---------- Extracted information
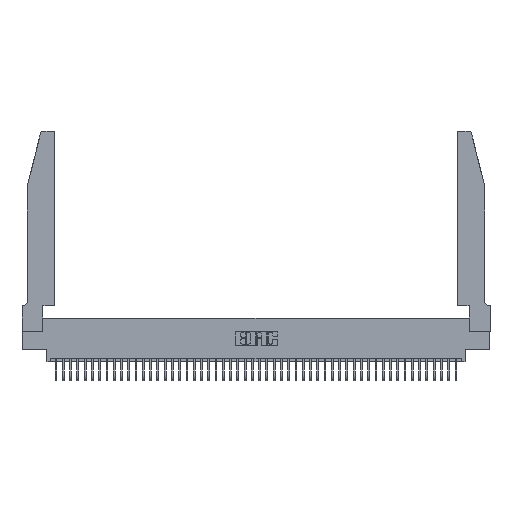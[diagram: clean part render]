
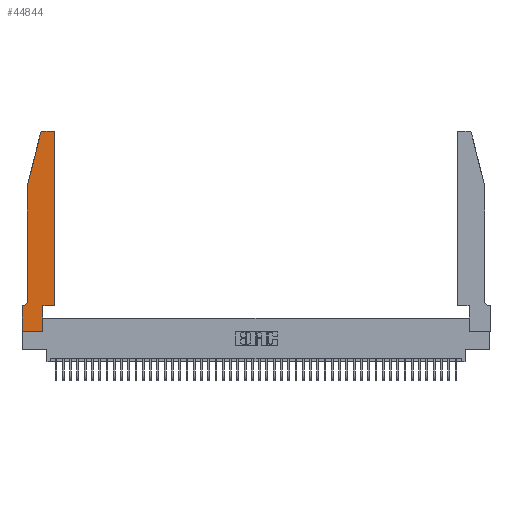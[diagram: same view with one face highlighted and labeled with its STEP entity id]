
A CAD part, top view. The second image highlights one B-rep face of the part: STEP entity #44844.
In plain terms, the highlighted planar face has unit normal (0, 0, 1).
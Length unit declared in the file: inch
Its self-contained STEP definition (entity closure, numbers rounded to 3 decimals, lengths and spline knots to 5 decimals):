
#1173 = CARTESIAN_POINT ( 'NONE',  ( 0.284, 2.75, 0.37 ) ) ;
#1705 = DIRECTION ( 'NONE',  ( 0., 0., -1. ) ) ;
#1728 = LINE ( 'NONE', #22792, #20487 ) ;
#2215 = DIRECTION ( 'NONE',  ( 0., 0., 1. ) ) ;
#2640 = ORIENTED_EDGE ( 'NONE', *, *, #30692, .T. ) ;
#3220 = DIRECTION ( 'NONE',  ( 0., 0., 1. ) ) ;
#3641 = AXIS2_PLACEMENT_3D ( 'NONE', #38031, #17236, #41556 ) ;
#4060 = ORIENTED_EDGE ( 'NONE', *, *, #23401, .T. ) ;
#4493 = ORIENTED_EDGE ( 'NONE', *, *, #15416, .T. ) ;
#4783 = CARTESIAN_POINT ( 'NONE',  ( 0.4205, 2.75, 0.37 ) ) ;
#5003 = VERTEX_POINT ( 'NONE', #37619 ) ;
#5460 = ORIENTED_EDGE ( 'NONE', *, *, #25876, .T. ) ;
#5517 = VERTEX_POINT ( 'NONE', #40341 ) ;
#5669 = ORIENTED_EDGE ( 'NONE', *, *, #30550, .T. ) ;
#6567 = DIRECTION ( 'NONE',  ( 0., -1., 0. ) ) ;
#6885 = EDGE_CURVE ( 'NONE', #39314, #39342, #33045, .T. ) ;
#7186 = CARTESIAN_POINT ( 'NONE',  ( 0.4505, 0.35, 0.37 ) ) ;
#7637 = VECTOR ( 'NONE', #6567, 39.37008 ) ;
#7947 = CARTESIAN_POINT ( 'NONE',  ( 0.0755, 0.35, 0.37 ) ) ;
#8311 = CIRCLE ( 'NONE', #44895, 0.03 ) ;
#8340 = VECTOR ( 'NONE', #38804, 39.37008 ) ;
#8362 = EDGE_CURVE ( 'NONE', #38802, #43409, #1728, .T. ) ;
#8693 = DIRECTION ( 'NONE',  ( -0.239, -0.971, 0. ) ) ;
#9033 = CARTESIAN_POINT ( 'NONE',  ( 0., 0.35, 0.37 ) ) ;
#9128 = VERTEX_POINT ( 'NONE', #20470 ) ;
#10287 = CIRCLE ( 'NONE', #3641, 0.03 ) ;
#10928 = CARTESIAN_POINT ( 'NONE',  ( 0.25487, 2.72718, 0.37 ) ) ;
#13617 = AXIS2_PLACEMENT_3D ( 'NONE', #33557, #2215, #26706 ) ;
#14084 = DIRECTION ( 'NONE',  ( 0., 1., 0. ) ) ;
#14966 = CARTESIAN_POINT ( 'NONE',  ( 0.0755, 2., 0.37 ) ) ;
#15416 = EDGE_CURVE ( 'NONE', #9128, #39314, #26887, .T. ) ;
#16180 = ORIENTED_EDGE ( 'NONE', *, *, #40834, .T. ) ;
#16627 = DIRECTION ( 'NONE',  ( -1., 0., 0. ) ) ;
#16882 = ORIENTED_EDGE ( 'NONE', *, *, #43784, .T. ) ;
#17236 = DIRECTION ( 'NONE',  ( 0., 0., 1. ) ) ;
#17279 = FACE_OUTER_BOUND ( 'NONE', #21320, .T. ) ;
#19246 = VECTOR ( 'NONE', #42854, 39.37008 ) ;
#20470 = CARTESIAN_POINT ( 'NONE',  ( 0.2865, 0.35, 0.37 ) ) ;
#20487 = VECTOR ( 'NONE', #8693, 39.37008 ) ;
#20929 = ORIENTED_EDGE ( 'NONE', *, *, #38671, .T. ) ;
#21320 = EDGE_LOOP ( 'NONE', ( #4060, #20929, #37957, #5460, #22367, #42710, #16882, #16180, #5669, #4493, #29392, #2640 ) ) ;
#21464 = LINE ( 'NONE', #7947, #19246 ) ;
#22047 = VECTOR ( 'NONE', #44120, 39.37008 ) ;
#22367 = ORIENTED_EDGE ( 'NONE', *, *, #32344, .T. ) ;
#22773 = CARTESIAN_POINT ( 'NONE',  ( 0.0055, 0.42, 0.37 ) ) ;
#22792 = CARTESIAN_POINT ( 'NONE',  ( 0.0755, 2., 0.37 ) ) ;
#23273 = PLANE ( 'NONE',  #13617 ) ;
#23401 = EDGE_CURVE ( 'NONE', #28050, #35162, #42786, .T. ) ;
#23751 = VECTOR ( 'NONE', #29623, 39.37008 ) ;
#24238 = CARTESIAN_POINT ( 'NONE',  ( 0.4205, 2.72, 0.37 ) ) ;
#25876 = EDGE_CURVE ( 'NONE', #43409, #5003, #31627, .T. ) ;
#26091 = CARTESIAN_POINT ( 'NONE',  ( 0.0755, 2., 0.37 ) ) ;
#26190 = DIRECTION ( 'NONE',  ( -1., 0., 0. ) ) ;
#26706 = DIRECTION ( 'NONE',  ( 1., 0., 0. ) ) ;
#26887 = LINE ( 'NONE', #28304, #8340 ) ;
#27705 = DIRECTION ( 'NONE',  ( 1., 0., 0. ) ) ;
#28050 = VERTEX_POINT ( 'NONE', #4783 ) ;
#28246 = CARTESIAN_POINT ( 'NONE',  ( 0.4505, 2.72, 0.37 ) ) ;
#28304 = CARTESIAN_POINT ( 'NONE',  ( 0.4505, 0.35, 0.37 ) ) ;
#29392 = ORIENTED_EDGE ( 'NONE', *, *, #6885, .T. ) ;
#29623 = DIRECTION ( 'NONE',  ( 1., 0., 0. ) ) ;
#30550 = EDGE_CURVE ( 'NONE', #5517, #9128, #40528, .T. ) ;
#30692 = EDGE_CURVE ( 'NONE', #39342, #28050, #8311, .T. ) ;
#31295 = AXIS2_PLACEMENT_3D ( 'NONE', #22773, #1705, #26190 ) ;
#31627 = LINE ( 'NONE', #26091, #39801 ) ;
#32344 = EDGE_CURVE ( 'NONE', #5003, #33185, #34839, .T. ) ;
#32946 = LINE ( 'NONE', #43610, #23751 ) ;
#33045 = LINE ( 'NONE', #38526, #42332 ) ;
#33185 = VERTEX_POINT ( 'NONE', #38495 ) ;
#33557 = CARTESIAN_POINT ( 'NONE',  ( 0., 0.35, 0.37 ) ) ;
#34577 = VECTOR ( 'NONE', #16627, 39.37008 ) ;
#34839 = CIRCLE ( 'NONE', #31295, 0.07 ) ;
#35162 = VERTEX_POINT ( 'NONE', #1173 ) ;
#35440 = LINE ( 'NONE', #44792, #7637 ) ;
#36590 = DIRECTION ( 'NONE',  ( 0., -1., 0. ) ) ;
#37155 = CARTESIAN_POINT ( 'NONE',  ( 0.2865, 0.35, 0.37 ) ) ;
#37302 = VERTEX_POINT ( 'NONE', #9033 ) ;
#37619 = CARTESIAN_POINT ( 'NONE',  ( 0.0755, 0.42, 0.37 ) ) ;
#37620 = VERTEX_POINT ( 'NONE', #42075 ) ;
#37957 = ORIENTED_EDGE ( 'NONE', *, *, #8362, .T. ) ;
#38031 = CARTESIAN_POINT ( 'NONE',  ( 0.284, 2.72, 0.37 ) ) ;
#38495 = CARTESIAN_POINT ( 'NONE',  ( 0.0055, 0.35, 0.37 ) ) ;
#38526 = CARTESIAN_POINT ( 'NONE',  ( 0.4505, 0.35, 0.37 ) ) ;
#38671 = EDGE_CURVE ( 'NONE', #35162, #38802, #10287, .T. ) ;
#38802 = VERTEX_POINT ( 'NONE', #10928 ) ;
#38804 = DIRECTION ( 'NONE',  ( 1., 0., 0. ) ) ;
#39314 = VERTEX_POINT ( 'NONE', #7186 ) ;
#39342 = VERTEX_POINT ( 'NONE', #28246 ) ;
#39801 = VECTOR ( 'NONE', #36590, 39.37008 ) ;
#40341 = CARTESIAN_POINT ( 'NONE',  ( 0.2865, 0., 0.37 ) ) ;
#40528 = LINE ( 'NONE', #37155, #22047 ) ;
#40834 = EDGE_CURVE ( 'NONE', #37620, #5517, #32946, .T. ) ;
#40942 = CARTESIAN_POINT ( 'NONE',  ( 0.2605, 2.75, 0.37 ) ) ;
#41556 = DIRECTION ( 'NONE',  ( 1., 0., 0. ) ) ;
#42075 = CARTESIAN_POINT ( 'NONE',  ( 0., 0., 0.37 ) ) ;
#42169 = EDGE_CURVE ( 'NONE', #33185, #37302, #21464, .T. ) ;
#42332 = VECTOR ( 'NONE', #14084, 39.37008 ) ;
#42710 = ORIENTED_EDGE ( 'NONE', *, *, #42169, .T. ) ;
#42786 = LINE ( 'NONE', #40942, #34577 ) ;
#42854 = DIRECTION ( 'NONE',  ( -1., 0., 0. ) ) ;
#43409 = VERTEX_POINT ( 'NONE', #14966 ) ;
#43610 = CARTESIAN_POINT ( 'NONE',  ( 0., 0., 0.37 ) ) ;
#43784 = EDGE_CURVE ( 'NONE', #37302, #37620, #35440, .T. ) ;
#44120 = DIRECTION ( 'NONE',  ( 0., 1., 0. ) ) ;
#44792 = CARTESIAN_POINT ( 'NONE',  ( 0., 0., 0.37 ) ) ;
#44844 = ADVANCED_FACE ( 'NONE', ( #17279 ), #23273, .T. ) ;
#44895 = AXIS2_PLACEMENT_3D ( 'NONE', #24238, #3220, #27705 ) ;
--------------------
Your instructions: Every line with the word "CIRCLE" in it should be copied from the listing above.

Solution:
#8311 = CIRCLE ( 'NONE', #44895, 0.03 ) ;
#10287 = CIRCLE ( 'NONE', #3641, 0.03 ) ;
#34839 = CIRCLE ( 'NONE', #31295, 0.07 ) ;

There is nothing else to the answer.